- **ASSIGNMENT**
Report every line of the records beneath this task that holds the string "ezdxf".

- **LISTED ENTRIES**
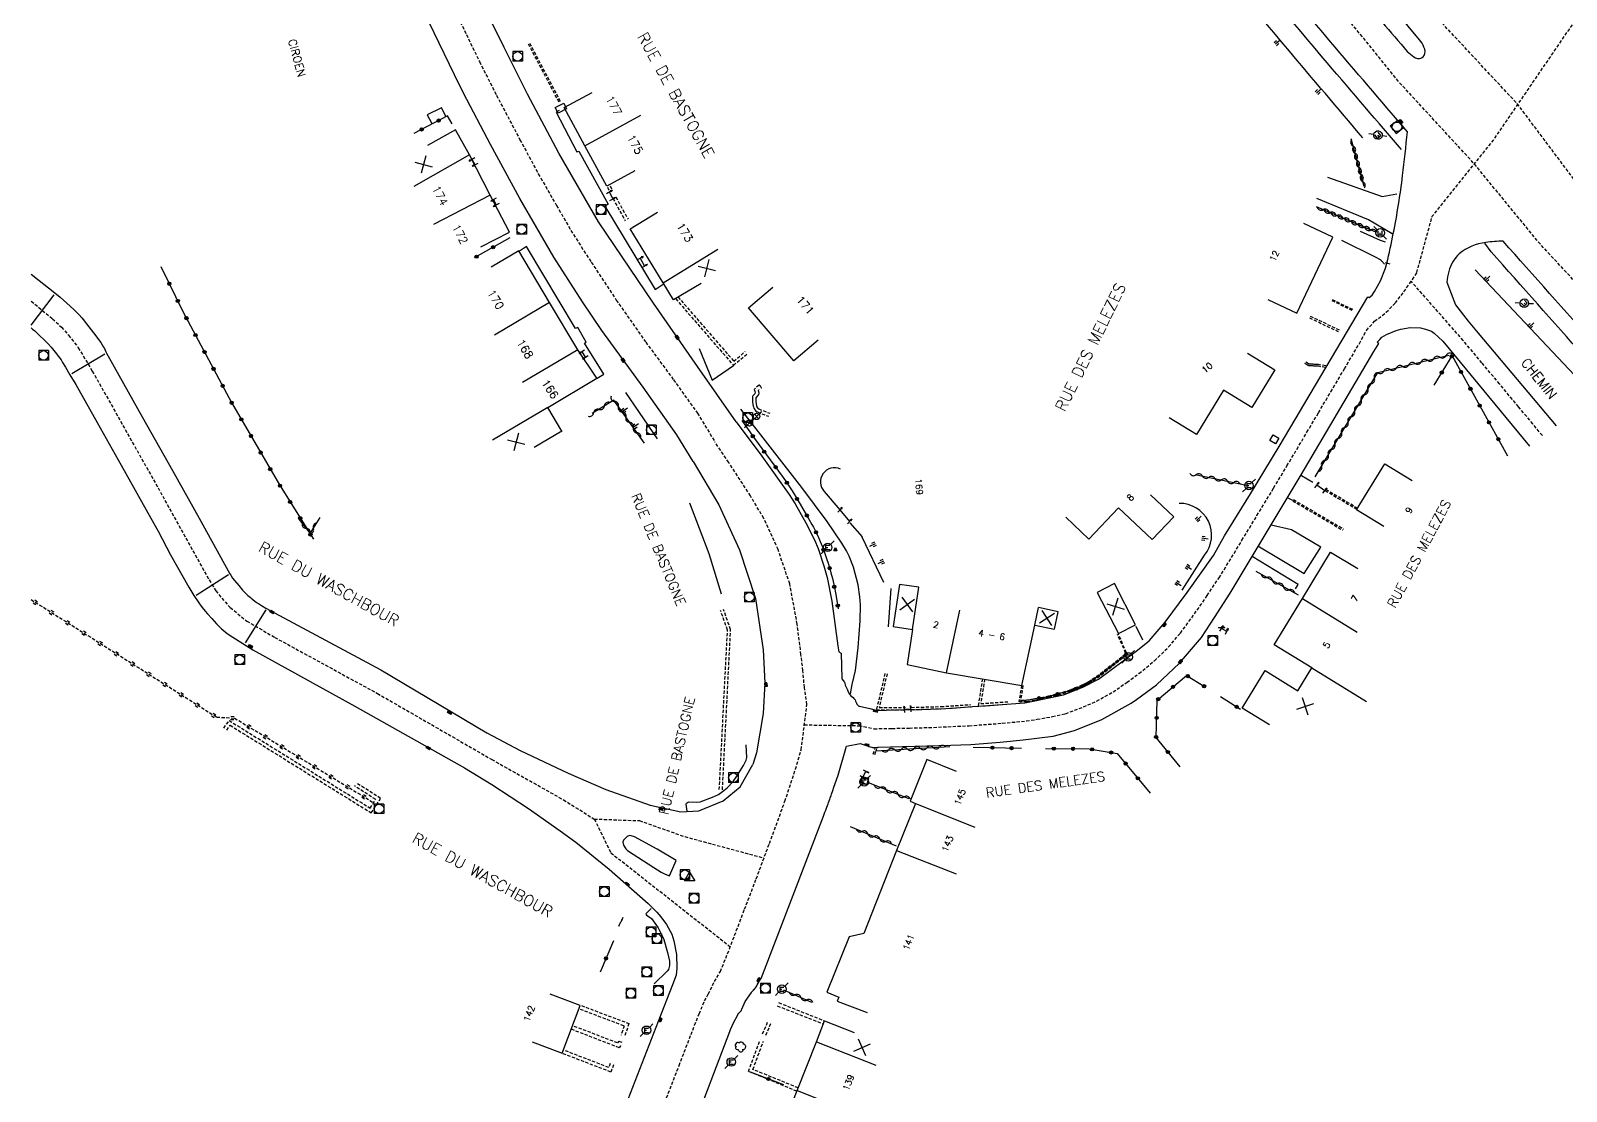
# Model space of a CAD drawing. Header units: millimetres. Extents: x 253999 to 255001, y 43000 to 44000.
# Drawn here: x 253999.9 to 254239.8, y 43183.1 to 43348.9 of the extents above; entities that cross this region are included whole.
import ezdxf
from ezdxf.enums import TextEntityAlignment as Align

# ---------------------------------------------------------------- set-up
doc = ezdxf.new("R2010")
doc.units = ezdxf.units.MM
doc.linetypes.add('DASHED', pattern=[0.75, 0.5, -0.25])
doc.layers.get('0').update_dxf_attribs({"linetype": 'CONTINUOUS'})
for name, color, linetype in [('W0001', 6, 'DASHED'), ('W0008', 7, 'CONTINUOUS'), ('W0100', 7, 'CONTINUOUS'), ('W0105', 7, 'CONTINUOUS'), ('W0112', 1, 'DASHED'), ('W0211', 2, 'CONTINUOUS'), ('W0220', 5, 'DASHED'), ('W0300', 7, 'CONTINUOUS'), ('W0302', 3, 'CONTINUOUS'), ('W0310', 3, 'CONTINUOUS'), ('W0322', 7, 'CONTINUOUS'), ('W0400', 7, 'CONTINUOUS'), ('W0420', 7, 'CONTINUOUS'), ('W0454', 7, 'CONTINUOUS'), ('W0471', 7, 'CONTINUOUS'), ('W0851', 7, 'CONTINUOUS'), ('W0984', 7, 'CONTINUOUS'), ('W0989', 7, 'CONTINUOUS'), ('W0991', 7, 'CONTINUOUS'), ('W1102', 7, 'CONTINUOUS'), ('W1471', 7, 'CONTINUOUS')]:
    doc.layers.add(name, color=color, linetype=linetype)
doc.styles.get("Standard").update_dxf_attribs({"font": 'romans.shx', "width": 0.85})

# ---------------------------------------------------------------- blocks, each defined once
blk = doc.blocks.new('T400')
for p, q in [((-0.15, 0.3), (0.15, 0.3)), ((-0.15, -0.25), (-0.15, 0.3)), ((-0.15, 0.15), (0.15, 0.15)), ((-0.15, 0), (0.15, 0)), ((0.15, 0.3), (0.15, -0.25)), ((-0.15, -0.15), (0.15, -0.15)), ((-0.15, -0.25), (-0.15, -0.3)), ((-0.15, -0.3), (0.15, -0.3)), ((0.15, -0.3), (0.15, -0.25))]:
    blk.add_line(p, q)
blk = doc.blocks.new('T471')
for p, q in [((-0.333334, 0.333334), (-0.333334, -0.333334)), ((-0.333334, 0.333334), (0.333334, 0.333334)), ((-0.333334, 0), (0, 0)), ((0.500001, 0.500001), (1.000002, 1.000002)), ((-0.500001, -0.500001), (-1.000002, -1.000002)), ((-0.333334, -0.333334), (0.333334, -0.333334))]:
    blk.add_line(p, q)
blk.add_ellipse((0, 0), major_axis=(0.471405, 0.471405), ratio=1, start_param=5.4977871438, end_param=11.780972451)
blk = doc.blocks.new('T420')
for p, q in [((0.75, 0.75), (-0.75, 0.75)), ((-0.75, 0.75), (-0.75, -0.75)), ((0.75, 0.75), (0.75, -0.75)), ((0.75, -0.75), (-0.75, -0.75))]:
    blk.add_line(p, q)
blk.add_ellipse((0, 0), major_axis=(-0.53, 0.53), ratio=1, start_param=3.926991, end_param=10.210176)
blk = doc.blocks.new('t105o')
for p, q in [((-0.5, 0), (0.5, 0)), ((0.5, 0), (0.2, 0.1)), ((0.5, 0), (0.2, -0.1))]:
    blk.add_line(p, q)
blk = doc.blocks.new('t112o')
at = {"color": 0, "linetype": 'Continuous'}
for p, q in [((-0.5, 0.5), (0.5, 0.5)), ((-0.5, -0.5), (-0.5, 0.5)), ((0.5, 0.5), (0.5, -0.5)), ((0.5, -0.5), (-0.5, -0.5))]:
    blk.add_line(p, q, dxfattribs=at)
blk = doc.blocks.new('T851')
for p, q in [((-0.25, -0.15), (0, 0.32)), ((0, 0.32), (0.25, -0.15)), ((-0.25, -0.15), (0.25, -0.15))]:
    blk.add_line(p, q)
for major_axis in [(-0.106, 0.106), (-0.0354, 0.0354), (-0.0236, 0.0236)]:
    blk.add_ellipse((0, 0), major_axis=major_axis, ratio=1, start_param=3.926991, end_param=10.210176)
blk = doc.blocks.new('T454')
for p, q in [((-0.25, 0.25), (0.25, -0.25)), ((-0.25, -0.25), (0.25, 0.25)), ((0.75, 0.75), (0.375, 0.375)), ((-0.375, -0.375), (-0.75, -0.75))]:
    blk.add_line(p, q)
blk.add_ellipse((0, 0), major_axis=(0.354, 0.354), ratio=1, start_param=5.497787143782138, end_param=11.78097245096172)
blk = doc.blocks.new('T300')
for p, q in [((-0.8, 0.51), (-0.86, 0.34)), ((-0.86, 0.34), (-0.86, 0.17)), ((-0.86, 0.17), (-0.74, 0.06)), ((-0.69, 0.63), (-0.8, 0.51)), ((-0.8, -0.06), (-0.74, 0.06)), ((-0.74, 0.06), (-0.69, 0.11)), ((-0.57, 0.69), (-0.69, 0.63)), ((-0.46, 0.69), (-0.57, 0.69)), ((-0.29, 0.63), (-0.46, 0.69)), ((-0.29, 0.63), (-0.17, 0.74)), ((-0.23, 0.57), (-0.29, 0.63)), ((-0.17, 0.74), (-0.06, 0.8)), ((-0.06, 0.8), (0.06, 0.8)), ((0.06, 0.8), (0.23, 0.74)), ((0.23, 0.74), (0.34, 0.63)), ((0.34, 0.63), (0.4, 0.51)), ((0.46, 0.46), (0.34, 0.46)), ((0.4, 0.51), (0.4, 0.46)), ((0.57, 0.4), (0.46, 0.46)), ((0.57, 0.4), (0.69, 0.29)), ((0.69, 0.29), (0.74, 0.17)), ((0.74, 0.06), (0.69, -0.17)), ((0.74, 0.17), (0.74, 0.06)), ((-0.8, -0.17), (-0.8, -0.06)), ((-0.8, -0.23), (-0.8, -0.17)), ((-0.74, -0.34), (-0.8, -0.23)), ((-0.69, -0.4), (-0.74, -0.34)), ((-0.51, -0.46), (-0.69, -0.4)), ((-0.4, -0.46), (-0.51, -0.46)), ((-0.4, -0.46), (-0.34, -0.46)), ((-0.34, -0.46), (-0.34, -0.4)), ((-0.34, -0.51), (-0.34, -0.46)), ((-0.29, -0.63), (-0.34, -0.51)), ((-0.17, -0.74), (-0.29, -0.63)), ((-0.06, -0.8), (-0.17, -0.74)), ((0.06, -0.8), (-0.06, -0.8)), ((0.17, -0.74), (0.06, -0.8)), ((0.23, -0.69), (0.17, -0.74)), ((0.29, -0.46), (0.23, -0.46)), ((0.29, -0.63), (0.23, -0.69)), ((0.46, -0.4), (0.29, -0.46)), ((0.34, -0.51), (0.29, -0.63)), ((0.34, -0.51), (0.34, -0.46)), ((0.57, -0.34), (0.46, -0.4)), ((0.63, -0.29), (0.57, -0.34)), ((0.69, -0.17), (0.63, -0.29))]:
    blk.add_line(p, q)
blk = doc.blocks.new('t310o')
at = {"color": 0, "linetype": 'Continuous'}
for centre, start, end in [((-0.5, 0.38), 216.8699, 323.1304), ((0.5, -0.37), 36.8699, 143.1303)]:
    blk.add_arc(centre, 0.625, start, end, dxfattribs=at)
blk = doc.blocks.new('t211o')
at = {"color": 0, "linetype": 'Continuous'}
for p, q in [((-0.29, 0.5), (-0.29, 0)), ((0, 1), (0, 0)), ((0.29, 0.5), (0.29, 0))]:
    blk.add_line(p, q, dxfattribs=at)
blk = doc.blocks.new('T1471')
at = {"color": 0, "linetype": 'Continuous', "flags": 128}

- **OUTPUT FOR THIS EXERCISE**
import ezdxf
from ezdxf.enums import TextEntityAlignment as Align
doc = ezdxf.new("R2010")
doc.units = ezdxf.units.MM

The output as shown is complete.